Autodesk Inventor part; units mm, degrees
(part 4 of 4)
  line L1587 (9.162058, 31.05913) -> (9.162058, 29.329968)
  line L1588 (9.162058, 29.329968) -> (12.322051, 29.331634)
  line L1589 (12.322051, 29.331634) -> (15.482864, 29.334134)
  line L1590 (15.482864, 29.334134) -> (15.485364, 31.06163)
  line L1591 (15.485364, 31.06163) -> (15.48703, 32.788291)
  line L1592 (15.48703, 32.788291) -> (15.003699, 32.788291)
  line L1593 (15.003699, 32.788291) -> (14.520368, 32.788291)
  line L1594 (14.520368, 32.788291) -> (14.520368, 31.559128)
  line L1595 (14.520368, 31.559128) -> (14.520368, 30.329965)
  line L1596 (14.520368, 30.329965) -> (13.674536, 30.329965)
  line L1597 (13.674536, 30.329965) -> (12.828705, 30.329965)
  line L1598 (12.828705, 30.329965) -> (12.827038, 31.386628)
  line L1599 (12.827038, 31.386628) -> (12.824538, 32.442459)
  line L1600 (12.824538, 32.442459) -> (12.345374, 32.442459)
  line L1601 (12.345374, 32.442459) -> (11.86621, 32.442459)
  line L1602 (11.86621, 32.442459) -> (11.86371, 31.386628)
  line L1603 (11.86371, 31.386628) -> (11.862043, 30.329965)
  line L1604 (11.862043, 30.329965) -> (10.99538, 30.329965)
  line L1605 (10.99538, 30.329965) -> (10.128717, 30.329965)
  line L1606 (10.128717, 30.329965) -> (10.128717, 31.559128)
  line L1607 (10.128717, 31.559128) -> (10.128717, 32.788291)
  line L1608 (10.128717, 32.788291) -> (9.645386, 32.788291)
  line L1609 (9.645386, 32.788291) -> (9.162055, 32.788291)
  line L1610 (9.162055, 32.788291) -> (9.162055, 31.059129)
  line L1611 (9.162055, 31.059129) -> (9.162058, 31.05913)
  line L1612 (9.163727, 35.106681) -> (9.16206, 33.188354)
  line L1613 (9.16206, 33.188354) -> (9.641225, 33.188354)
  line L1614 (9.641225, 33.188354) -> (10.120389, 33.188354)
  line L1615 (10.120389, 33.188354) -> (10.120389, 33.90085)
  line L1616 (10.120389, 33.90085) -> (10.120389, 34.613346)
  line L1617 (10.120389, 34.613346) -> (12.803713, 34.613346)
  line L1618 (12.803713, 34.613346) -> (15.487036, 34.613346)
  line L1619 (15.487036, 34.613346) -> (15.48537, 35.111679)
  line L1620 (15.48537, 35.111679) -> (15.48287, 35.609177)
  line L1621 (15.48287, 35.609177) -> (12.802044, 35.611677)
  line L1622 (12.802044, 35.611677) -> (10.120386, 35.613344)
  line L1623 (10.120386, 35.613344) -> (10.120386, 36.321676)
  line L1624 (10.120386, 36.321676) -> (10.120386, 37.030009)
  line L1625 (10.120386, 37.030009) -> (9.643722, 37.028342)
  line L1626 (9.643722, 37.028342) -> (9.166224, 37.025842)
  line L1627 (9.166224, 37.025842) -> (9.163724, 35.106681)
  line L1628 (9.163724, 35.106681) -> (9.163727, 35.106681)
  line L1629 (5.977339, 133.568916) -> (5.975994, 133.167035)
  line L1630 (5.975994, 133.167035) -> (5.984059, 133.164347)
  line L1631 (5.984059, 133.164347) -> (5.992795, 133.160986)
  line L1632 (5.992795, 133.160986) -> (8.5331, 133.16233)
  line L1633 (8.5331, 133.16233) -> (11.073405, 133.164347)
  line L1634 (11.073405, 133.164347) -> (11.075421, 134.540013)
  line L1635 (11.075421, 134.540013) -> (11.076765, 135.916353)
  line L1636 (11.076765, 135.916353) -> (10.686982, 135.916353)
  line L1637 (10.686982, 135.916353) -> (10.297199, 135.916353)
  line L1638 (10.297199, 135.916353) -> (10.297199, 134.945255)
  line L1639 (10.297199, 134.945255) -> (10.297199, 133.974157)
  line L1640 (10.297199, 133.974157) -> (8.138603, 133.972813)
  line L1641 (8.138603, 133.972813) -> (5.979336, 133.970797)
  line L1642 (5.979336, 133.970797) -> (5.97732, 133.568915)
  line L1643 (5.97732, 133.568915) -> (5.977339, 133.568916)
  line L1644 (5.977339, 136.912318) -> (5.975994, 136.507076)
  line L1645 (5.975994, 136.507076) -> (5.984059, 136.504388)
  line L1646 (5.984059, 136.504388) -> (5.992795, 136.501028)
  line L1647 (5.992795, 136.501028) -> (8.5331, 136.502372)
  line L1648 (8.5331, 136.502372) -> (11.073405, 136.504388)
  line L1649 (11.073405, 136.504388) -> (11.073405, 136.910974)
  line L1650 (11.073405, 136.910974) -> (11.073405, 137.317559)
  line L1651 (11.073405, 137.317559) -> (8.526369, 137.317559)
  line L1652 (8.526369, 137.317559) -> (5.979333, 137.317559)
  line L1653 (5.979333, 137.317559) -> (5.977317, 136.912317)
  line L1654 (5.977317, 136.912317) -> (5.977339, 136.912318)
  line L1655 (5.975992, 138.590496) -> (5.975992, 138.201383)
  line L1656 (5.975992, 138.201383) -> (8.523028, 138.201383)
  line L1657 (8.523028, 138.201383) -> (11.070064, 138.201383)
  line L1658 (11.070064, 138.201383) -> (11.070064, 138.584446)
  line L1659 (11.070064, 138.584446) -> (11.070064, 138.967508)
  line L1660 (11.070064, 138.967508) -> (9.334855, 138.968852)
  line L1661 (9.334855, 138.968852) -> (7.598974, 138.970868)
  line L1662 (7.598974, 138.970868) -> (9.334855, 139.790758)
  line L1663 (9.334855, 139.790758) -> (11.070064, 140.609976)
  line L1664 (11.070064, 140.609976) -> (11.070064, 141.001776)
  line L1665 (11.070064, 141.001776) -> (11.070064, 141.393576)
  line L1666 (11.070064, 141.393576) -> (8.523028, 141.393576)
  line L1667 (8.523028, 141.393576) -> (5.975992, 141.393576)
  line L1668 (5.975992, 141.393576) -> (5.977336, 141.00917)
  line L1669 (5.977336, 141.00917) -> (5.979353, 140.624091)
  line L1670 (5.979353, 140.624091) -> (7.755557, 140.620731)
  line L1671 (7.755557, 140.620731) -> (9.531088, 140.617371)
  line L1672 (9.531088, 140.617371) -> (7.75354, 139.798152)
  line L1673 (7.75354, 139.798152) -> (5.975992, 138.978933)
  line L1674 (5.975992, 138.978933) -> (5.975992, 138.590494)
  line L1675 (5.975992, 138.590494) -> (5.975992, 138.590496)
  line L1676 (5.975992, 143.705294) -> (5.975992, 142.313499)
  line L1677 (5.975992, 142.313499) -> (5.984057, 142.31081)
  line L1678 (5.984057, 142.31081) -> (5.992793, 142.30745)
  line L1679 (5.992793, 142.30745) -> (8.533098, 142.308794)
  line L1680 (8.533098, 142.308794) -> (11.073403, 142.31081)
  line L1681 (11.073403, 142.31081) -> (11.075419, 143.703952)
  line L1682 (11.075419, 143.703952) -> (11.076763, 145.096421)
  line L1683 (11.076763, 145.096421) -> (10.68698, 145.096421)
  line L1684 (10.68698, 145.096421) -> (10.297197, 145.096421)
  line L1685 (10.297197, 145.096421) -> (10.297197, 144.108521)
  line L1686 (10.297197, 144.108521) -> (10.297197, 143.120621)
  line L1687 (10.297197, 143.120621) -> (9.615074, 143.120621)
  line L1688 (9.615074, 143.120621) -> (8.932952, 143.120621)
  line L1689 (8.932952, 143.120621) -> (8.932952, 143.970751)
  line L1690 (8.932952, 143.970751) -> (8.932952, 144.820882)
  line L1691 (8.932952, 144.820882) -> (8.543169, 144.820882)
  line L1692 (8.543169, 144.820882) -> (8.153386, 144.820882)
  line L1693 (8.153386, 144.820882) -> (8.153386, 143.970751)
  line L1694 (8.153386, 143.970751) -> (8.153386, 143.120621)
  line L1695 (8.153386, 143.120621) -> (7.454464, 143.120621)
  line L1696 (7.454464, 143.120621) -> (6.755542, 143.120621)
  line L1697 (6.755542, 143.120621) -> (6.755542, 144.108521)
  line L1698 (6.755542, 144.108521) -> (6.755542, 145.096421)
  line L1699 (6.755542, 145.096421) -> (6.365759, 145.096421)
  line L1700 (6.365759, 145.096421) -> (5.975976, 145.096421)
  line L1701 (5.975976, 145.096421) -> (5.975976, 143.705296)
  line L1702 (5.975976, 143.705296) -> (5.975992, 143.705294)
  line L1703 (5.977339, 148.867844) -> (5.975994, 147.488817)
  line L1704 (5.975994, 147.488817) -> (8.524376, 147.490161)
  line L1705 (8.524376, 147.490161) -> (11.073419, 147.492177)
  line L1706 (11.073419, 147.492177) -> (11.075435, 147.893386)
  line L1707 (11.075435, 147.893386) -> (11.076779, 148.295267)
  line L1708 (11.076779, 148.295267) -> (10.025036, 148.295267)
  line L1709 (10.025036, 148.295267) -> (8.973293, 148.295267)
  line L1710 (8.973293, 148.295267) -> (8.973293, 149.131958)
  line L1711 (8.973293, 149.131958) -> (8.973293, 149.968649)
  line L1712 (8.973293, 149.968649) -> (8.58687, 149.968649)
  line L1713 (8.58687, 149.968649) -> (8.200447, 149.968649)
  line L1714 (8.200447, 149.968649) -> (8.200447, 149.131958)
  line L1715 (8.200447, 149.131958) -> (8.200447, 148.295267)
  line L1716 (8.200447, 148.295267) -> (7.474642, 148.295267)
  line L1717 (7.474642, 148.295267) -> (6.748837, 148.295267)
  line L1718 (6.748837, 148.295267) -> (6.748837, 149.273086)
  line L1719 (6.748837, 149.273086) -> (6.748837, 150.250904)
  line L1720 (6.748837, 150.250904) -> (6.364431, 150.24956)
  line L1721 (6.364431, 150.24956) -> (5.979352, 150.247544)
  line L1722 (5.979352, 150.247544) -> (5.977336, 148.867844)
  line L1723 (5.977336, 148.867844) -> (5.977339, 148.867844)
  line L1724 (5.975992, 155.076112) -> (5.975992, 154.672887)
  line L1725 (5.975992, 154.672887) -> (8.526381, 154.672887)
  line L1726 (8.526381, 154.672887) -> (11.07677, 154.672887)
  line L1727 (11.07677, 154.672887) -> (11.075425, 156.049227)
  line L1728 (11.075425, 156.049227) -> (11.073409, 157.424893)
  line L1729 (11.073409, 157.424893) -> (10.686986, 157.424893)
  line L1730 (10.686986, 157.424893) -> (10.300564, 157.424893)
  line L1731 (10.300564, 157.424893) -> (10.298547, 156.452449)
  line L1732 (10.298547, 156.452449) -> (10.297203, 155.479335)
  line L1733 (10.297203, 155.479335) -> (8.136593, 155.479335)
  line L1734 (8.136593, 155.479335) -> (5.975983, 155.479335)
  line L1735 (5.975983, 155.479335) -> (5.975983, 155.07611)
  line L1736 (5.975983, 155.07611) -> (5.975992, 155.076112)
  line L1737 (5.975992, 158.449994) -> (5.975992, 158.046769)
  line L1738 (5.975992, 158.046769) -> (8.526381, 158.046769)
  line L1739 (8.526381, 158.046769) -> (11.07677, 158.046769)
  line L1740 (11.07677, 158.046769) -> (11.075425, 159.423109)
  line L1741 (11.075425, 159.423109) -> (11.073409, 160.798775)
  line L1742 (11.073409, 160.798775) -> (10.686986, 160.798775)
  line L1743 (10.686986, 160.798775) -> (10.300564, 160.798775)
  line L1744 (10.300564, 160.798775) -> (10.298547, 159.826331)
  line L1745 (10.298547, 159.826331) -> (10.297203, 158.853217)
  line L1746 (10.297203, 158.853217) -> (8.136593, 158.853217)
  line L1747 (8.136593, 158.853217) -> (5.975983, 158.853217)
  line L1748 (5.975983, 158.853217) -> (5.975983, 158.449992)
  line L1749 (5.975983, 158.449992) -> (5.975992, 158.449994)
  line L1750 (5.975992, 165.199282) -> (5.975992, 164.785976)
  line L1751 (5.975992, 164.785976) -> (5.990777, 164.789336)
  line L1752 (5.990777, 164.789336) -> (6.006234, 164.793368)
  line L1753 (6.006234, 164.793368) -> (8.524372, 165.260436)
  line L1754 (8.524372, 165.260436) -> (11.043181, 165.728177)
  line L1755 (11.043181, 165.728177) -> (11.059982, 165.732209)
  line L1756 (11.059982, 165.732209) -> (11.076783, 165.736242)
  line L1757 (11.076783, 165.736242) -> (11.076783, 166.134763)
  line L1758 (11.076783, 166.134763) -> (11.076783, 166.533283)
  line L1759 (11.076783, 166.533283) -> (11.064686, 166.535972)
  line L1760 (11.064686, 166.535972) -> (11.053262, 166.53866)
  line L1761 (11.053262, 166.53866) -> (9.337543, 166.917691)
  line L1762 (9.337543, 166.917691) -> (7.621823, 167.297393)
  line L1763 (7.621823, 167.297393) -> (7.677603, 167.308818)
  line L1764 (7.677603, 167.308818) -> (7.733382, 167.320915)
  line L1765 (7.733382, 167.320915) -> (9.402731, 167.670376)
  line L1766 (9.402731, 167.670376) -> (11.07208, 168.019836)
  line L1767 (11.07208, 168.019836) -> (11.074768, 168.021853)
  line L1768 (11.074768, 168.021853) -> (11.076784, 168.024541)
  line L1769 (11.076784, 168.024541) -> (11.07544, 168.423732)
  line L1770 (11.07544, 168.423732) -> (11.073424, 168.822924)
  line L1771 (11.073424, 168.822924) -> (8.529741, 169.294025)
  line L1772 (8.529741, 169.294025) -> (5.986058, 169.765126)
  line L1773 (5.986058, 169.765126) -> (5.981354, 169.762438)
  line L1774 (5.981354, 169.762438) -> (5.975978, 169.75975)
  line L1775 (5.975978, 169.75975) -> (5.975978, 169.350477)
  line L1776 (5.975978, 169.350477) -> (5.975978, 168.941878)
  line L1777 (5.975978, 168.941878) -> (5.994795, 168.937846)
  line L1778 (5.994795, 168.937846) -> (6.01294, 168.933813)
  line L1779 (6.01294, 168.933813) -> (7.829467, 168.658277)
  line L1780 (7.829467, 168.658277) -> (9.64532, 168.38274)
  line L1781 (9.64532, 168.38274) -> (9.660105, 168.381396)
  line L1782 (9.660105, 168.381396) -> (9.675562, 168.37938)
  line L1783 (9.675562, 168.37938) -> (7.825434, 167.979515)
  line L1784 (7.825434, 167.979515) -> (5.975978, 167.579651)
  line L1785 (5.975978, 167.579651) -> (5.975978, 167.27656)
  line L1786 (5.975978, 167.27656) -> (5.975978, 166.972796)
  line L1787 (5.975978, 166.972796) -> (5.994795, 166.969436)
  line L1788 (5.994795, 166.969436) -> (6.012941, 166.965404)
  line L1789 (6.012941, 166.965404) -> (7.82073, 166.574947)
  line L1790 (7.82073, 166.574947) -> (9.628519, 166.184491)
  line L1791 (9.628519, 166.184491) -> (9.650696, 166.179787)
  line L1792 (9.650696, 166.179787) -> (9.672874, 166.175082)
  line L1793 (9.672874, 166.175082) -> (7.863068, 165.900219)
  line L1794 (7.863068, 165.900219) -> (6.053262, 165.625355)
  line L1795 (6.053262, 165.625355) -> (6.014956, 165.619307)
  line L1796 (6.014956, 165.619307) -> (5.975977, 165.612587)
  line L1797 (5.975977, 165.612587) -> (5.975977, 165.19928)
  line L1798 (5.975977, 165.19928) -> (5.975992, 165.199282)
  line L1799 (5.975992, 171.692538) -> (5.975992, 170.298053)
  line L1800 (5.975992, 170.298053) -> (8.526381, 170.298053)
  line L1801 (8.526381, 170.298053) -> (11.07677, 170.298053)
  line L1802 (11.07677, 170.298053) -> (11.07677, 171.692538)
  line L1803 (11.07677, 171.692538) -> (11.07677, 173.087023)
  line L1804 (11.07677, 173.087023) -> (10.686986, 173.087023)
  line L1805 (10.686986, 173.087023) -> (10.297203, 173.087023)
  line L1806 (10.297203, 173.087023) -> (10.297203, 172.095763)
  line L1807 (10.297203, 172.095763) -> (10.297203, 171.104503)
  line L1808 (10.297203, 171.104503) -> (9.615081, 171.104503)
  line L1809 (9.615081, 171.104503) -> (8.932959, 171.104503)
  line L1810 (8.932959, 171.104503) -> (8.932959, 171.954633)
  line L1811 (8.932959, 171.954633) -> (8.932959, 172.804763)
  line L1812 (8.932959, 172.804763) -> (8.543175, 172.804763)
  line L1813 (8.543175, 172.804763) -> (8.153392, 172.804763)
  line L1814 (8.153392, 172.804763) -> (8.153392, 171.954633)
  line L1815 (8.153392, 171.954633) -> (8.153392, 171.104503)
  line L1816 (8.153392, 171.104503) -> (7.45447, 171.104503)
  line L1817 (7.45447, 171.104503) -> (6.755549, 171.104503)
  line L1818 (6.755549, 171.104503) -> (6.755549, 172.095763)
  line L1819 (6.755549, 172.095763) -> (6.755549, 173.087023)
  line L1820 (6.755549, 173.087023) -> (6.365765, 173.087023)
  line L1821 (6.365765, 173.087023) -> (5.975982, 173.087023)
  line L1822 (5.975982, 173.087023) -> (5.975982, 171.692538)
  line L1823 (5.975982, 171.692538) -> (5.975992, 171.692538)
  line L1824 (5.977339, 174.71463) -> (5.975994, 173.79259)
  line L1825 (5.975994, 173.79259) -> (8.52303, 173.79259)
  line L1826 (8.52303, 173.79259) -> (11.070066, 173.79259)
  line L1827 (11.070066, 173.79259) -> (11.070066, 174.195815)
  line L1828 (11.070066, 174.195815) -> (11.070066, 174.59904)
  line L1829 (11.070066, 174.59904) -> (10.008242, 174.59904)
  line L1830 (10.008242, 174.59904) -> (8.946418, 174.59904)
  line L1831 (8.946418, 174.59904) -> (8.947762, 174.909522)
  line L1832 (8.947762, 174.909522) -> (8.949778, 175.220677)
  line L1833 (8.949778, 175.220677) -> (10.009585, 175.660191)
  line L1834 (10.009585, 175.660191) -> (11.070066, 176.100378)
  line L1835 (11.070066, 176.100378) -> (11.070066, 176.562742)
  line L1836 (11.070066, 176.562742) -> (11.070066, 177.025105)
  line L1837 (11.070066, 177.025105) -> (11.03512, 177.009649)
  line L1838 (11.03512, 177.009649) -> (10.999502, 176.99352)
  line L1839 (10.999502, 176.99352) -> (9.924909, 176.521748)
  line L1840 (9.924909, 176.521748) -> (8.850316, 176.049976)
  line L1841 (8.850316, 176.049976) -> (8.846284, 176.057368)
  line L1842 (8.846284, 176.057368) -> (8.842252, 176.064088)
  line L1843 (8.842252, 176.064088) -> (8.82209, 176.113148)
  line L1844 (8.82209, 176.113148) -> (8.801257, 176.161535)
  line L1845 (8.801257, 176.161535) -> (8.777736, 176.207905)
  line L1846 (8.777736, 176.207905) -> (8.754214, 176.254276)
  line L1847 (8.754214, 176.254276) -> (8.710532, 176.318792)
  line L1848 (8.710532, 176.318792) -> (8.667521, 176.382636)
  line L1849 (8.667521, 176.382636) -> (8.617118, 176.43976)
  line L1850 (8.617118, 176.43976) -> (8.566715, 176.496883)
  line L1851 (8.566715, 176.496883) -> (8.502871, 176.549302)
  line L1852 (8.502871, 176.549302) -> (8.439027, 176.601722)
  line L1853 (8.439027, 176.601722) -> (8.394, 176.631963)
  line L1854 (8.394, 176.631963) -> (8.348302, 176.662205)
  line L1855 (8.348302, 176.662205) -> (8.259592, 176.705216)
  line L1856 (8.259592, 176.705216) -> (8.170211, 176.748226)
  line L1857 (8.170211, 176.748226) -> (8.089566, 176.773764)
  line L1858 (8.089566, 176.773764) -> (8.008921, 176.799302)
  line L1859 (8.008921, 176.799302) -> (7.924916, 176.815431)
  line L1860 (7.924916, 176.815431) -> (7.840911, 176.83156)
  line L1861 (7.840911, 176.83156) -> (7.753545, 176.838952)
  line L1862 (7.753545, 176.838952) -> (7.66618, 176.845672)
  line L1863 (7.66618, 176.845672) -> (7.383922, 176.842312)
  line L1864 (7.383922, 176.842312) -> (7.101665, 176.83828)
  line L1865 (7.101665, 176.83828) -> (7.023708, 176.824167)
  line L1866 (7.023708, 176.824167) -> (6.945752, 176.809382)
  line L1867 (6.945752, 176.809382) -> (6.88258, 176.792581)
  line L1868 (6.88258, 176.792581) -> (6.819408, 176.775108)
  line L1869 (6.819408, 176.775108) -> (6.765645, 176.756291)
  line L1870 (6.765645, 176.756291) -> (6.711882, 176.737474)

Assignment:
Every line in the records that holds the word "part" should be copied into the answer.

Completed exercise:
Autodesk Inventor part; units mm, degrees
(part 4 of 4)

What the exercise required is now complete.